Thank you very much.


----------



## jcgriff2 (Sep 30, 2007)

*Re: Lost admin rights on Windows 7*

Boot into Recovery using Windows DVD or the Recovery partition and run Windows System Restore -- choose a restore point prior to the trouble occurring.

Regards. . .

jcgriff2

`


----------



## jvdm (Sep 6, 2010)

*Re: Lost admin rights on Windows 7*



jcgriff2 said:


> Boot into Recovery using Windows DVD or the Recovery partition and run Windows System Restore -- choose a restore point prior to the trouble occurring.
> 
> Regards. . .
> 
> ...


I can run System Restore when Windows is in normal mode, but it says I don't have any restore points..


----------



## salathielofhale (Aug 4, 2010)

*Re: Lost admin rights on Windows 7*

did you try running it in safe mode and then going to the registry to fix it? There should only be the Default value. If theres anything else i recommend deleting it because thats whats holding your system back.


----------



## jvdm (Sep 6, 2010)

*Re: Lost admin rights on Windows 7*



salathielofhale said:


> did you try running it in safe mode and then going to the registry to fix it? There should only be the Default value. If theres anything else i recommend deleting it because thats whats holding your system back.

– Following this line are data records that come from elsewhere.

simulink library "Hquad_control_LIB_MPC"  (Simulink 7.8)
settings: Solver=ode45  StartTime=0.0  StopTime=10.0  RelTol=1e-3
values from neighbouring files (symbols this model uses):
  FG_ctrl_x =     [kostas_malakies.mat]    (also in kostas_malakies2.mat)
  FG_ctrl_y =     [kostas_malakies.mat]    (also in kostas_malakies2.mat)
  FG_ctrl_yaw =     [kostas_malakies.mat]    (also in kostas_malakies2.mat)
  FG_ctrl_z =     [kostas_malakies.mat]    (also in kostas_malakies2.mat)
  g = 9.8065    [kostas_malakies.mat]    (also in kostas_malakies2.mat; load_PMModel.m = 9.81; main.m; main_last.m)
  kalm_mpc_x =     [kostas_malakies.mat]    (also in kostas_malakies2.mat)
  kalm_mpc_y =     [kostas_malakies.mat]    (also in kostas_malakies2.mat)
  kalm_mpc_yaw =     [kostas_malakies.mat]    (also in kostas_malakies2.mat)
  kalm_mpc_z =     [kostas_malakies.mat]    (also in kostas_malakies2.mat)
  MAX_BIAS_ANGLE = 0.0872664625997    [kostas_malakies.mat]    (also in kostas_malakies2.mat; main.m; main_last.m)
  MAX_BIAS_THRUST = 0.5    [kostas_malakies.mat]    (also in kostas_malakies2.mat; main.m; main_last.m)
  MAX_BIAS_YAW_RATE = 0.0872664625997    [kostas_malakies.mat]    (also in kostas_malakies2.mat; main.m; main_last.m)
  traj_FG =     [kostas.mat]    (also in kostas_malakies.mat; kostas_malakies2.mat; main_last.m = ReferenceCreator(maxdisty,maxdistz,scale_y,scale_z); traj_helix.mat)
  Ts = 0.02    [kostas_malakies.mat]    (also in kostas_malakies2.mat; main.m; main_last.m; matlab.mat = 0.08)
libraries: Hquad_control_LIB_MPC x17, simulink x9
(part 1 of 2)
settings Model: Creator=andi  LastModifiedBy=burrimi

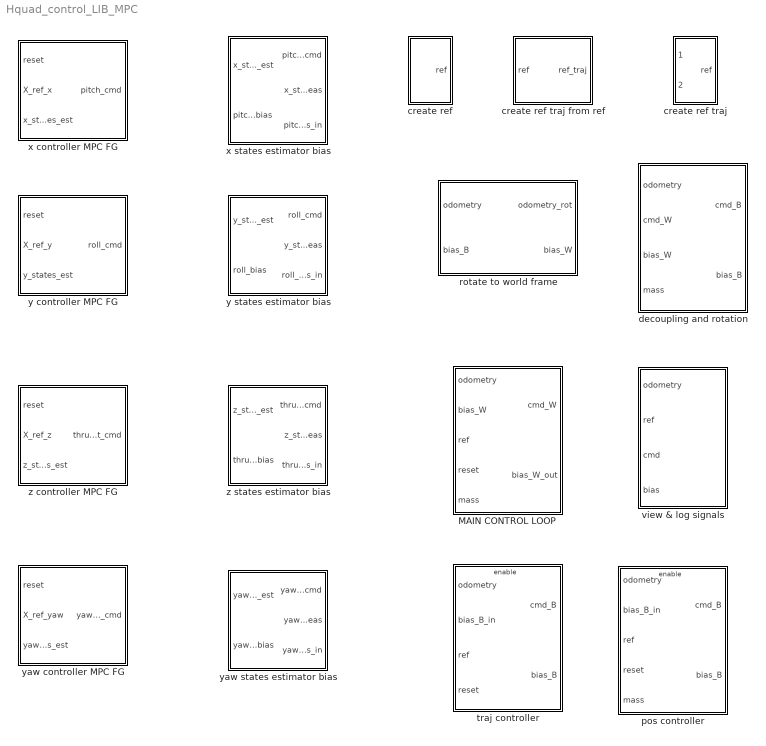
== system Hquad_control_LIB_MPC ==
  MAIN CONTROL LOOP : Subsystem  Priority=2  TreatAsAtomicUnit=on
  create ref : Subsystem
  create ref traj : Subsystem
  create ref traj from ref : Subsystem
  decoupling and rotation : Subsystem  Priority=3  TreatAsAtomicUnit=on
  pos controller : Subsystem
  rotate to world frame : Subsystem  Priority=1
  traj controller : Subsystem
  view & log signals : Subsystem
  "x controller MPC FG  " : Subsystem
  x states estimator bias : Subsystem
  y controller MPC FG : Subsystem
  y states estimator bias : Subsystem
  yaw controller MPC FG : Subsystem
  yaw states estimator bias : Subsystem
  z controller MPC FG : Subsystem
  z states estimator bias : Subsystem

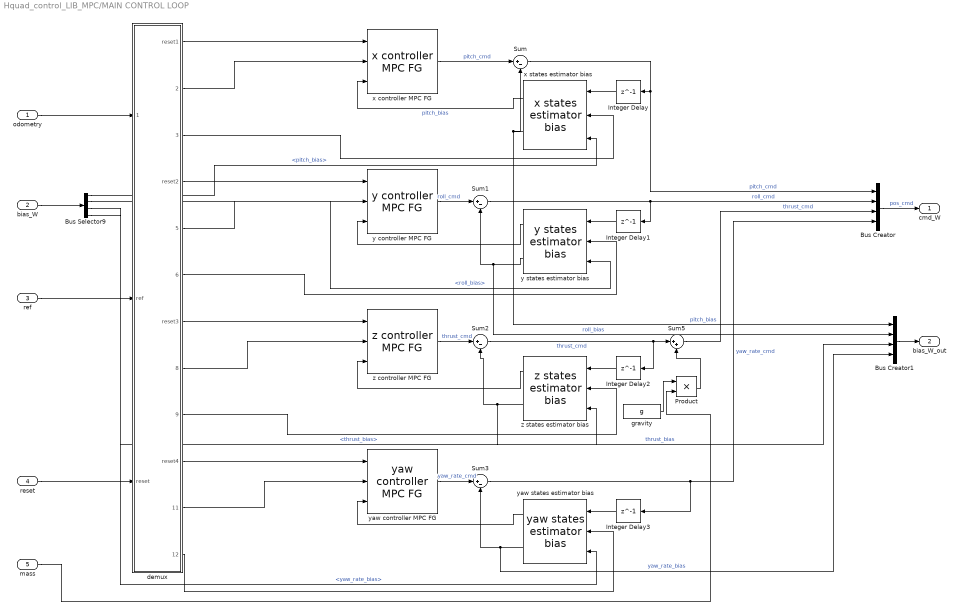
== system Hquad_control_LIB_MPC/MAIN CONTROL LOOP ==
  odometry : Inport
  bias_W : Inport  Port=2
  ref : Inport  Port=3
  reset : Inport  Port=4
  mass : Inport  Port=5
  Bus Creator : BusCreator
  Bus Creator1 : BusCreator
  Bus Selector9 : BusSelector  OutputSignals=pitch_bias,roll_bias,thrust_bias,yaw_rate_bias
  Integer Delay{,1..3} (4 alike) : Delay  DelayLength=1
  Product : Product  RndMeth=Zero
  Sum{,1..3} (4 alike) : Sum  Inputs=|+-
  Sum5 : Sum  Inputs=|++
  demux : Subsystem
  gravity : Constant  Value=g
  "x controller MPC FG  " : Hquad_control_LIB_MPC/x controller MPC FG  
  x states estimator bias : Hquad_control_LIB_MPC/x states estimator bias
  y controller MPC FG : Hquad_control_LIB_MPC/y controller MPC FG
  y states estimator bias : Hquad_control_LIB_MPC/y states estimator bias
  yaw controller MPC FG : Hquad_control_LIB_MPC/yaw controller MPC FG
  yaw states estimator bias : Hquad_control_LIB_MPC/yaw states estimator bias
  z controller MPC FG : Hquad_control_LIB_MPC/z controller MPC FG
  z states estimator bias : Hquad_control_LIB_MPC/z states estimator bias
  cmd_W : Outport
  bias_W_out : Outport  Port=2
  wires:
  gravity/1 -> Product/1
  Product/1 -> Sum5/2
  mass/1 -> Product/2
  demux/11(X_ref_yaw) -> yaw controller MPC FG/2
  demux/9(z_states_meas) -> z states estimator bias/2
  demux/6(y_states_meas) -> y states estimator bias/2
  demux/3(x_states_meas) -> x states estimator bias/2
  Bus Creator/1 -> cmd_W/1  "pos_cmd"
  demux/10(reset4) -> yaw controller MPC FG/1
  demux/7(reset3) -> z controller MPC FG/1
  demux/5(X_ref_y) -> y controller MPC FG/2
  demux/4(reset2) -> y controller MPC FG/1
  demux/1(reset1) -> "x controller MPC FG  "/1
  reset/1 -> demux/3(reset)
  ref/1 -> demux/2(ref)
  odometry/1 -> demux/1(odometry)
  Integer Delay2/1 -> z states estimator bias/1
  Integer Delay1/1 -> y states estimator bias/1
  demux/2(X_ref_x) -> "x controller MPC FG  "/2
  demux/8(X_ref_z) -> z controller MPC FG/2
  z states estimator bias/1 -> z controller MPC FG/3
  Integer Delay/1 -> x states estimator bias/1
  y states estimator bias/1 -> y controller MPC FG/3
  "x controller MPC FG  "/1 -> Sum/1  "pitch_cmd"
  Sum/1 -> Integer Delay/1, Bus Creator/1  "pitch_cmd"
  y controller MPC FG/1 -> Sum1/1  "roll_cmd"
  Sum1/1 -> Integer Delay1/1, Bus Creator/2  "roll_cmd"
  y states estimator bias/2 -> Sum1/2, Bus Creator1/2  "roll_bias"
  z states estimator bias/2 -> Sum2/2, Bus Creator1/3  "thrust_bias"
  z controller MPC FG/1 -> Sum2/1  "thrust_cmd"
  Sum2/1 -> Integer Delay2/1, Sum5/1  "thrust_cmd"
  Bus Creator1/1 -> bias_W_out/1
  Sum5/1 -> Bus Creator/3  "thrust_cmd"
  bias_W/1 -> Bus Selector9/1
  Bus Selector9/2 -> y states estimator bias/3  "<roll_bias>"
  Bus Selector9/1 -> x states estimator bias/3  "<pitch_bias>"
  demux/12(yaw_states_meas) -> yaw states estimator bias/2
  x states estimator bias/1 -> "x controller MPC FG  "/3  "pitch_bias"
  x states estimator bias/2 -> Bus Creator1/1, Sum/2  "pitch_bias"
  Bus Selector9/3 -> z states estimator bias/3  "<thrust_bias>"
  Integer Delay3/1 -> yaw states estimator bias/1
  yaw states estimator bias/1 -> yaw controller MPC FG/3
  yaw states estimator bias/2 -> Sum3/2, Bus Creator1/4  "yaw_rate_bias"
  yaw controller MPC FG/1 -> Sum3/1  "yaw_rate_cmd"
  Sum3/1 -> Bus Creator/4, Integer Delay3/1  "yaw_rate_cmd"
  Bus Selector9/4 -> yaw states estimator bias/3  "<yaw_rate_bias>"

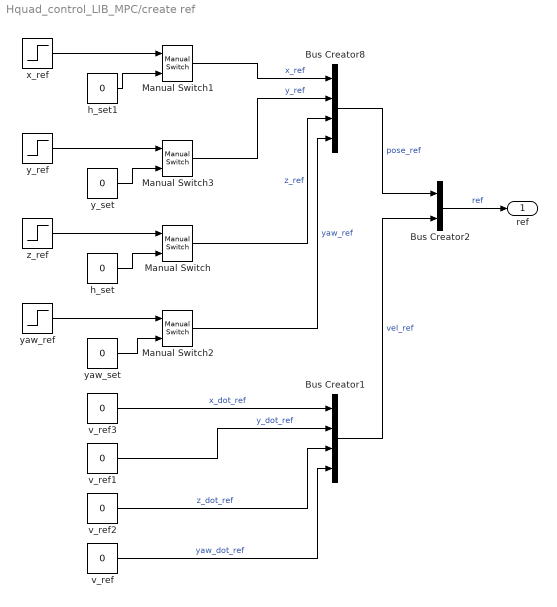
== system Hquad_control_LIB_MPC/create ref ==
  Bus Creator1 : BusCreator
  Bus Creator2 : BusCreator  Inputs=2
  Bus Creator8 : BusCreator
  Manual Switch{,1..3} (4 alike) : simulink/Signal Routing/Manual Switch  SystemSampleTime=-1  sw=1  action=0  varsize=off
  h_set : Constant  Value=0  OutDataTypeStr=double  SampleTime=-1
  h_set1 : Constant  Value=0  OutDataTypeStr=double  SampleTime=-1
  v_ref{,1..3} (4 alike) : Constant  Value=0  OutDataTypeStr=double  SampleTime=-1
  x_ref : Step  Time=5  SampleTime=0
  y_ref : Step  Time=15  SampleTime=0
  y_set : Constant  Value=0  OutDataTypeStr=double  SampleTime=-1
  yaw_ref : Step  Time=20  After=pi  SampleTime=0
  "yaw_set  " : Constant  Value=0  OutDataTypeStr=double  SampleTime=-1
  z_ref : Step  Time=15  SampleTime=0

What do you exactly suggest I do in regedit? Change the value of / delete HKEY_CURRENT_USER\Software\Microsoft\Windows\CurrentVersion\Policies\System ?


----------



## jcgriff2 (Sep 30, 2007)

*Re: Lost admin rights on Windows 7*



jcgriff2 said:


> Boot into Recovery using Windows DVD or the Recovery partition and run Windows System Restore -- choose a restore point prior to the trouble occurring.
> 
> Regards. . .
> 
> ...


Boot into Recovery and see if there are system restore point available to you there.

Regards. . .

jcgriff2

`


----------



## jenae (Jun 17, 2008)

*Re: Lost admin rights on Windows 7*

Hi, please do not delete anything in the registry, and certainly not without a backup, it is possible your permissions to this key have become corrupted. Before we do anything, lets see what the key has. 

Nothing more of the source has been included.